:: Dataset items ::
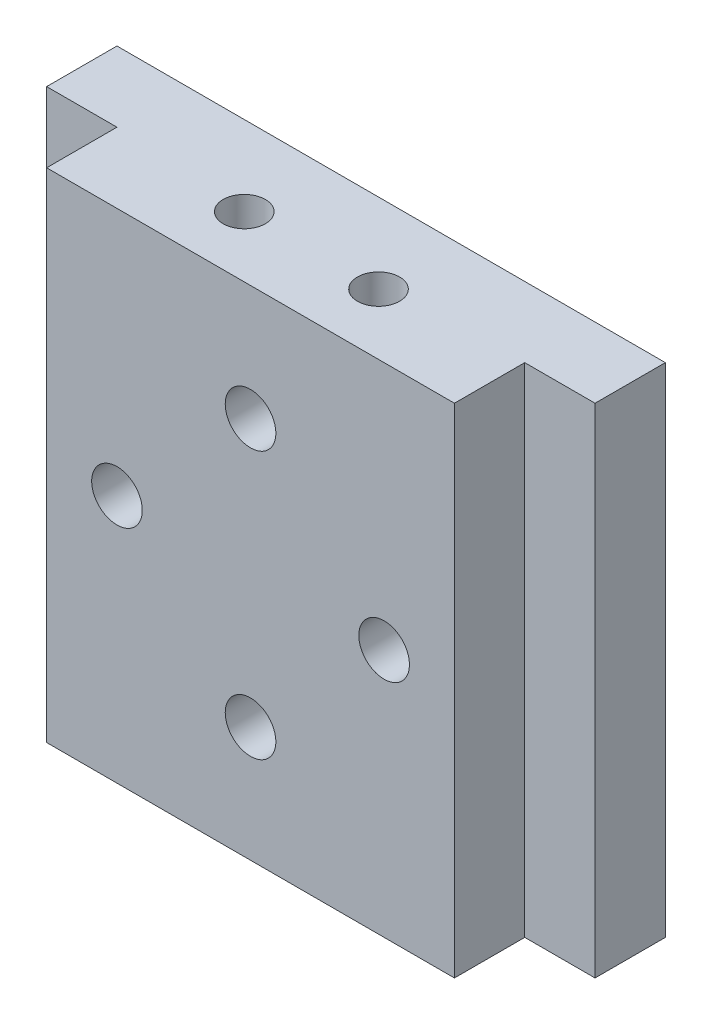
ISO-10303-21;
HEADER;
FILE_DESCRIPTION(('STEP AP214'),'2;1');
FILE_NAME('part.step','',(''),(''),'','','');
FILE_SCHEMA(('AUTOMOTIVE_DESIGN { 1 0 10303 214 1 1 1 1 }'));
ENDSEC;
DATA;
#1=APPLICATION_CONTEXT('core data for automotive mechanical design processes');
#2=APPLICATION_PROTOCOL_DEFINITION('international standard','automotive_design',2000,#1);
#3=PRODUCT_CONTEXT('',#1,'mechanical');
#4=PRODUCT('Part','Part','',(#3));
#5=PRODUCT_RELATED_PRODUCT_CATEGORY('part','',(#4));
#6=PRODUCT_DEFINITION_FORMATION('','',#4);
#7=PRODUCT_DEFINITION_CONTEXT('part definition',#1,'design');
#8=PRODUCT_DEFINITION('design','',#6,#7);
#9=PRODUCT_DEFINITION_SHAPE('','',#8);
#10=(LENGTH_UNIT() NAMED_UNIT(*) SI_UNIT(.MILLI.,.METRE.));
#11=(NAMED_UNIT(*) PLANE_ANGLE_UNIT() SI_UNIT($,.RADIAN.));
#12=(NAMED_UNIT(*) SI_UNIT($,.STERADIAN.) SOLID_ANGLE_UNIT());
#13=UNCERTAINTY_MEASURE_WITH_UNIT(LENGTH_MEASURE(1.E-05),#10,'distance_accuracy_value','');
#14=(GEOMETRIC_REPRESENTATION_CONTEXT(3) GLOBAL_UNCERTAINTY_ASSIGNED_CONTEXT((#13)) GLOBAL_UNIT_ASSIGNED_CONTEXT((#10,
#11,#12)) REPRESENTATION_CONTEXT('',''));
#15=CARTESIAN_POINT('',(0.,0.,0.));
#16=DIRECTION('',(0.,0.,1.));
#17=DIRECTION('',(1.,0.,0.));
#18=AXIS2_PLACEMENT_3D('',#15,#16,#17);
#19=CARTESIAN_POINT('',(19.5,17.7,-10.));
#20=DIRECTION('',(0.,0.,1.));
#21=DIRECTION('',(1.,0.,0.));
#22=AXIS2_PLACEMENT_3D('',#19,#20,#21);
#23=PLANE('',#22);
#24=CARTESIAN_POINT('',(9.5,0.,-10.));
#25=DIRECTION('',(0.,0.,-1.));
#26=DIRECTION('',(-1.,0.,0.));
#27=AXIS2_PLACEMENT_3D('',#24,#25,#26);
#28=CIRCLE('',#27,3.15);
#29=CARTESIAN_POINT('',(6.35,0.,-10.));
#30=VERTEX_POINT('',#29);
#31=EDGE_CURVE('E203',#30,#30,#28,.T.);
#32=ORIENTED_EDGE('',*,*,#31,.F.);
#33=EDGE_LOOP('',(#32));
#34=FACE_BOUND('',#33,.T.);
#35=CARTESIAN_POINT('',(-9.5,0.,-10.));
#36=DIRECTION('',(0.,0.,-1.));
#37=DIRECTION('',(-1.,0.,0.));
#38=AXIS2_PLACEMENT_3D('',#35,#36,#37);
#39=CIRCLE('',#38,3.15);
#40=CARTESIAN_POINT('',(-12.65,0.,-10.));
#41=VERTEX_POINT('',#40);
#42=EDGE_CURVE('E194',#41,#41,#39,.T.);
#43=ORIENTED_EDGE('',*,*,#42,.F.);
#44=EDGE_LOOP('',(#43));
#45=FACE_BOUND('',#44,.T.);
#46=CARTESIAN_POINT('',(0.,-9.5,-10.));
#47=DIRECTION('',(0.,0.,-1.));
#48=DIRECTION('',(-1.,0.,0.));
#49=AXIS2_PLACEMENT_3D('',#46,#47,#48);
#50=CIRCLE('',#49,3.15);
#51=CARTESIAN_POINT('',(-3.15,-9.5,-10.));
#52=VERTEX_POINT('',#51);
#53=EDGE_CURVE('E185',#52,#52,#50,.T.);
#54=ORIENTED_EDGE('',*,*,#53,.F.);
#55=EDGE_LOOP('',(#54));
#56=FACE_BOUND('',#55,.T.);
#57=DIRECTION('',(-1.,0.,0.));
#58=VECTOR('',#57,1.);
#59=CARTESIAN_POINT('',(19.5,-17.7,-10.));
#60=LINE('',#59,#58);
#61=CARTESIAN_POINT('',(19.5,-17.7,-10.));
#62=VERTEX_POINT('',#61);
#63=CARTESIAN_POINT('',(-19.5,-17.7,-9.99999999999999));
#64=VERTEX_POINT('',#63);
#65=EDGE_CURVE('E122',#62,#64,#60,.T.);
#66=ORIENTED_EDGE('',*,*,#65,.T.);
#67=DIRECTION('',(0.,-1.,0.));
#68=VECTOR('',#67,1.);
#69=CARTESIAN_POINT('',(-19.5,17.7,-9.99999999999999));
#70=LINE('',#69,#68);
#71=CARTESIAN_POINT('',(-19.5,17.7,-9.99999999999999));
#72=VERTEX_POINT('',#71);
#73=EDGE_CURVE('E119',#72,#64,#70,.T.);
#74=ORIENTED_EDGE('',*,*,#73,.F.);
#75=DIRECTION('',(-1.,0.,0.));
#76=VECTOR('',#75,1.);
#77=CARTESIAN_POINT('',(19.5,17.7,-10.));
#78=LINE('',#77,#76);
#79=CARTESIAN_POINT('',(19.5,17.7,-10.));
#80=VERTEX_POINT('',#79);
#81=EDGE_CURVE('E108',#80,#72,#78,.T.);
#82=ORIENTED_EDGE('',*,*,#81,.F.);
#83=DIRECTION('',(0.,-1.,0.));
#84=VECTOR('',#83,1.);
#85=CARTESIAN_POINT('',(19.5,17.7,-10.));
#86=LINE('',#85,#84);
#87=EDGE_CURVE('E123',#80,#62,#86,.T.);
#88=ORIENTED_EDGE('',*,*,#87,.T.);
#89=EDGE_LOOP('',(#66,#74,#82,#88));
#90=FACE_BOUND('',#89,.T.);
#91=CARTESIAN_POINT('',(0.,9.5,-10.));
#92=DIRECTION('',(0.,0.,-1.));
#93=DIRECTION('',(-1.,0.,0.));
#94=AXIS2_PLACEMENT_3D('',#91,#92,#93);
#95=CIRCLE('',#94,3.15);
#96=CARTESIAN_POINT('',(-3.15000000000001,9.5,-10.));
#97=VERTEX_POINT('',#96);
#98=EDGE_CURVE('E212',#97,#97,#95,.T.);
#99=ORIENTED_EDGE('',*,*,#98,.F.);
#100=EDGE_LOOP('',(#99));
#101=FACE_BOUND('',#100,.T.);
#102=ADVANCED_FACE('F35',(#34,#45,#56,#90,#101),#23,.F.);
#103=CARTESIAN_POINT('',(-14.5,17.7,-5.));
#104=DIRECTION('',(1.,0.,0.));
#105=DIRECTION('',(0.,0.,-1.));
#106=AXIS2_PLACEMENT_3D('',#103,#104,#105);
#107=PLANE('',#106);
#108=DIRECTION('',(0.,0.,1.));
#109=VECTOR('',#108,1.);
#110=CARTESIAN_POINT('',(-14.5,-17.7,-5.));
#111=LINE('',#110,#109);
#112=CARTESIAN_POINT('',(-14.5,-17.7,-5.));
#113=VERTEX_POINT('',#112);
#114=CARTESIAN_POINT('',(-14.5,-17.7,0.));
#115=VERTEX_POINT('',#114);
#116=EDGE_CURVE('E132',#113,#115,#111,.T.);
#117=ORIENTED_EDGE('',*,*,#116,.T.);
#118=DIRECTION('',(0.,-1.,0.));
#119=VECTOR('',#118,1.);
#120=CARTESIAN_POINT('',(-14.5,17.7,0.));
#121=LINE('',#120,#119);
#122=CARTESIAN_POINT('',(-14.5,17.7,0.));
#123=VERTEX_POINT('',#122);
#124=EDGE_CURVE('E11',#123,#115,#121,.T.);
#125=ORIENTED_EDGE('',*,*,#124,.F.);
#126=DIRECTION('',(0.,0.,1.));
#127=VECTOR('',#126,1.);
#128=CARTESIAN_POINT('',(-14.5,17.7,-5.));
#129=LINE('',#128,#127);
#130=CARTESIAN_POINT('',(-14.5,17.7,-5.));
#131=VERTEX_POINT('',#130);
#132=EDGE_CURVE('E147',#131,#123,#129,.T.);
#133=ORIENTED_EDGE('',*,*,#132,.F.);
#134=DIRECTION('',(0.,-1.,0.));
#135=VECTOR('',#134,1.);
#136=CARTESIAN_POINT('',(-14.5,17.7,-5.));
#137=LINE('',#136,#135);
#138=EDGE_CURVE('E128',#131,#113,#137,.T.);
#139=ORIENTED_EDGE('',*,*,#138,.T.);
#140=EDGE_LOOP('',(#117,#125,#133,#139));
#141=FACE_BOUND('',#140,.T.);
#142=ADVANCED_FACE('F37',(#141),#107,.F.);
#143=CARTESIAN_POINT('',(-14.5,17.7,0.));
#144=DIRECTION('',(0.,0.,-1.));
#145=DIRECTION('',(-1.,0.,0.));
#146=AXIS2_PLACEMENT_3D('',#143,#144,#145);
#147=PLANE('',#146);
#148=CARTESIAN_POINT('',(0.,9.5,0.));
#149=DIRECTION('',(0.,0.,-1.));
#150=DIRECTION('',(-1.,0.,0.));
#151=AXIS2_PLACEMENT_3D('',#148,#149,#150);
#152=CIRCLE('',#151,1.8);
#153=CARTESIAN_POINT('',(-1.8,9.5,0.));
#154=VERTEX_POINT('',#153);
#155=EDGE_CURVE('E206',#154,#154,#152,.T.);
#156=ORIENTED_EDGE('',*,*,#155,.T.);
#157=EDGE_LOOP('',(#156));
#158=FACE_BOUND('',#157,.T.);
#159=CARTESIAN_POINT('',(9.5,0.,0.));
#160=DIRECTION('',(0.,0.,-1.));
#161=DIRECTION('',(-1.,0.,0.));
#162=AXIS2_PLACEMENT_3D('',#159,#160,#161);
#163=CIRCLE('',#162,1.8);
#164=CARTESIAN_POINT('',(7.7,0.,0.));
#165=VERTEX_POINT('',#164);
#166=EDGE_CURVE('E197',#165,#165,#163,.T.);
#167=ORIENTED_EDGE('',*,*,#166,.T.);
#168=EDGE_LOOP('',(#167));
#169=FACE_BOUND('',#168,.T.);
#170=CARTESIAN_POINT('',(-9.5,0.,0.));
#171=DIRECTION('',(0.,0.,-1.));
#172=DIRECTION('',(-1.,0.,0.));
#173=AXIS2_PLACEMENT_3D('',#170,#171,#172);
#174=CIRCLE('',#173,1.8);
#175=CARTESIAN_POINT('',(-11.3,0.,0.));
#176=VERTEX_POINT('',#175);
#177=EDGE_CURVE('E188',#176,#176,#174,.T.);
#178=ORIENTED_EDGE('',*,*,#177,.T.);
#179=EDGE_LOOP('',(#178));
#180=FACE_BOUND('',#179,.T.);
#181=CARTESIAN_POINT('',(0.,-9.5,0.));
#182=DIRECTION('',(0.,0.,-1.));
#183=DIRECTION('',(-1.,0.,0.));
#184=AXIS2_PLACEMENT_3D('',#181,#182,#183);
#185=CIRCLE('',#184,1.8);
#186=CARTESIAN_POINT('',(-1.8,-9.5,0.));
#187=VERTEX_POINT('',#186);
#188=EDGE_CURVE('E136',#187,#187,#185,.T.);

:: Work task ::
Without the pictures, write out the lines from the beginning of the entries through the line with "#10=(LENGTH_UNIT() NAMED_UNIT(*) SI_UNIT(.MILLI.,.METRE.));".

:: Problem solution ::
ISO-10303-21;
HEADER;
FILE_DESCRIPTION(('STEP AP214'),'2;1');
FILE_NAME('part.step','',(''),(''),'','','');
FILE_SCHEMA(('AUTOMOTIVE_DESIGN { 1 0 10303 214 1 1 1 1 }'));
ENDSEC;
DATA;
#1=APPLICATION_CONTEXT('core data for automotive mechanical design processes');
#2=APPLICATION_PROTOCOL_DEFINITION('international standard','automotive_design',2000,#1);
#3=PRODUCT_CONTEXT('',#1,'mechanical');
#4=PRODUCT('Part','Part','',(#3));
#5=PRODUCT_RELATED_PRODUCT_CATEGORY('part','',(#4));
#6=PRODUCT_DEFINITION_FORMATION('','',#4);
#7=PRODUCT_DEFINITION_CONTEXT('part definition',#1,'design');
#8=PRODUCT_DEFINITION('design','',#6,#7);
#9=PRODUCT_DEFINITION_SHAPE('','',#8);
#10=(LENGTH_UNIT() NAMED_UNIT(*) SI_UNIT(.MILLI.,.METRE.));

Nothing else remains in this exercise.